Before we follow Blanford and the prince, we meet von Esslin, an aristocratic, Catholic, German general. While he does not on the whole like the Nazis, he is a good officer and fully accepts the idea of the superiority of the German people and even, at Goebbels’ instigation, uncritically reads the Protocols of the Elders of Zion. In another Durrell set-piece, as described by von Esslin, with some glee, we learn of the German swoop first into Poland (though von Esslin is one of the few German to encounter resistance and he himself is slightly injured), then North Africa, where they meet little resistance, and then France and onto Paris. Von Esslin, both in these action and later, will take great pleasure in seeing ordinary people swept out of the way and killed, often arbitrarily. Indeed Durrell makes a great point of showing German brutality throughout the book. However, for his reward and to his disgust, he is appointed commander of Avignon, where he will be shadowed by the horrible Waffen-SS officer Fischer, to whom he takes a strong dislike (the feeling is mutual). One of von Esslin’s main tasks is to find the Templar treasure for Hitler, as there has been a prophecy that it will be found. A mummified head is found which is presented to Hitler as the head of Pompey, which will only speak when the hearer is asleep and will then prophesy the future. It is placed by Hitler’s bed.

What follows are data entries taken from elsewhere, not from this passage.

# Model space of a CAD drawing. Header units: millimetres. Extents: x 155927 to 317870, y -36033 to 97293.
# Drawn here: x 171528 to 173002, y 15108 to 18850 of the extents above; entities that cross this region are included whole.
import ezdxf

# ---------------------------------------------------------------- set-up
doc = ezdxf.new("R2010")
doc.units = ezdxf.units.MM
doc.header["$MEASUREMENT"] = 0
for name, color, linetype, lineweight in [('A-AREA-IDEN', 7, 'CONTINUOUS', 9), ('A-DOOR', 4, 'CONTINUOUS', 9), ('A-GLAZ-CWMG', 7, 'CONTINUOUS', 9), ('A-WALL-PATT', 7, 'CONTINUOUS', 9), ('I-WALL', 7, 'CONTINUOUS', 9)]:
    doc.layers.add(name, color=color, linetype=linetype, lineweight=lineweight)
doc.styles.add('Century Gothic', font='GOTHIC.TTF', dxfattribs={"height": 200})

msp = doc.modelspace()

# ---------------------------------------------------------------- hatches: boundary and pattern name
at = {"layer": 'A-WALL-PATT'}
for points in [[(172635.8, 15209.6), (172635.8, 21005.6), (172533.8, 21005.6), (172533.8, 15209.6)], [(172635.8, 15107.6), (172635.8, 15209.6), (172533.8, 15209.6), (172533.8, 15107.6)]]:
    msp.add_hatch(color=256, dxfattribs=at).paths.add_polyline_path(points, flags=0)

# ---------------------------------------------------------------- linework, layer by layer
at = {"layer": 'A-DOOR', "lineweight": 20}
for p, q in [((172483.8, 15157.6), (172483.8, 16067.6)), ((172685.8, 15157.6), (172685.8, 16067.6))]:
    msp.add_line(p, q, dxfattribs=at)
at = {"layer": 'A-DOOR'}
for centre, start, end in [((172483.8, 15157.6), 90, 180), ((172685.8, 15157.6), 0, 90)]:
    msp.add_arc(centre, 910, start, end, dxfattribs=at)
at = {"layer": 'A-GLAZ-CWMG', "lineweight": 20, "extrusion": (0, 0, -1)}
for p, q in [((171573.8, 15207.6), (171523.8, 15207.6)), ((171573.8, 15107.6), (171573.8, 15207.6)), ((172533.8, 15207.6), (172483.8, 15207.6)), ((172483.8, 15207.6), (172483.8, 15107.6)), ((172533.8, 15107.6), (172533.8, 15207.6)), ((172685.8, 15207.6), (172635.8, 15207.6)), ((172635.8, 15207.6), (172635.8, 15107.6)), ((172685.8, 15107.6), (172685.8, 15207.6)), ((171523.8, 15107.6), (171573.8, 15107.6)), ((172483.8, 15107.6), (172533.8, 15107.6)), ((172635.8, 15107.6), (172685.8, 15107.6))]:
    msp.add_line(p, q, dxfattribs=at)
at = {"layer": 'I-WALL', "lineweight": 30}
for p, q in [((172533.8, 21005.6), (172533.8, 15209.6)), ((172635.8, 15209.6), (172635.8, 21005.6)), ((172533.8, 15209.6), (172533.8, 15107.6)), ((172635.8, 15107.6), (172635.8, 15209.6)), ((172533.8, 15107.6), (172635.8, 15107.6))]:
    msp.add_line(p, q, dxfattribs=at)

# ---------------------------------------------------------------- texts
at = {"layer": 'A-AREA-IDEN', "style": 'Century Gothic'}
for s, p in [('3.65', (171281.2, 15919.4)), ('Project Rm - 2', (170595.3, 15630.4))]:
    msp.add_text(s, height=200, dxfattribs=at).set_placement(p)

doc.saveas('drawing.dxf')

Constance, who is a Swiss citizen, manages to get a permit to set up a Red Cross post in Avignon and she returns to Tu Duc, the ancestral home. Much of the later part of the novel concerns their relations with the Germans, including the return of Livia and the reappearance of Sutcliffe. Sutcliffe, as we learned at the end of Monsieur, was the writer invented by Aubrey Blanford, who wrote the book Monsieur. However, despite his fictitious nature, he has a habit of reappearing and seeming to be friend with Blanford, rather than merely a creature of Blanford’s imagination (I am annoyed because my power is not absolute over him – he is after all my creation; but he can sometimes break loose and show traces of free will.) Durrell gives us an excellent description of the progress of the war, seen from the relative remoteness of Avignon, and the gradual withdrawal of the Germans, followed by the Red Cross heading back to Switzerland, to escape the wrath of the retreating Germans. It is in this retreat that Constance gets to know Affad and that we get to know that his first name is Sebastian, which will be the title of the next book in this series.
I found this book more enjoyable than the previous two, as we get far less of Durrell’s occasional pompous erudition and far more concentration on the story, helped by the fact that it follows, more or less, the actual course of the war, leaving less room for diversions. The various German characters – General von Esslin, Fischer, the Waffen-SS officer, and Smirgel, who has an ambiguous role – also make it more interesting, though all pay the price at the end, as Durrell clearly has no love for the Nazis. At the end we are more less back to where we started, though Livia is gone and Blanford still injured, leaving us ready for Sebastian, who we now know is Affad.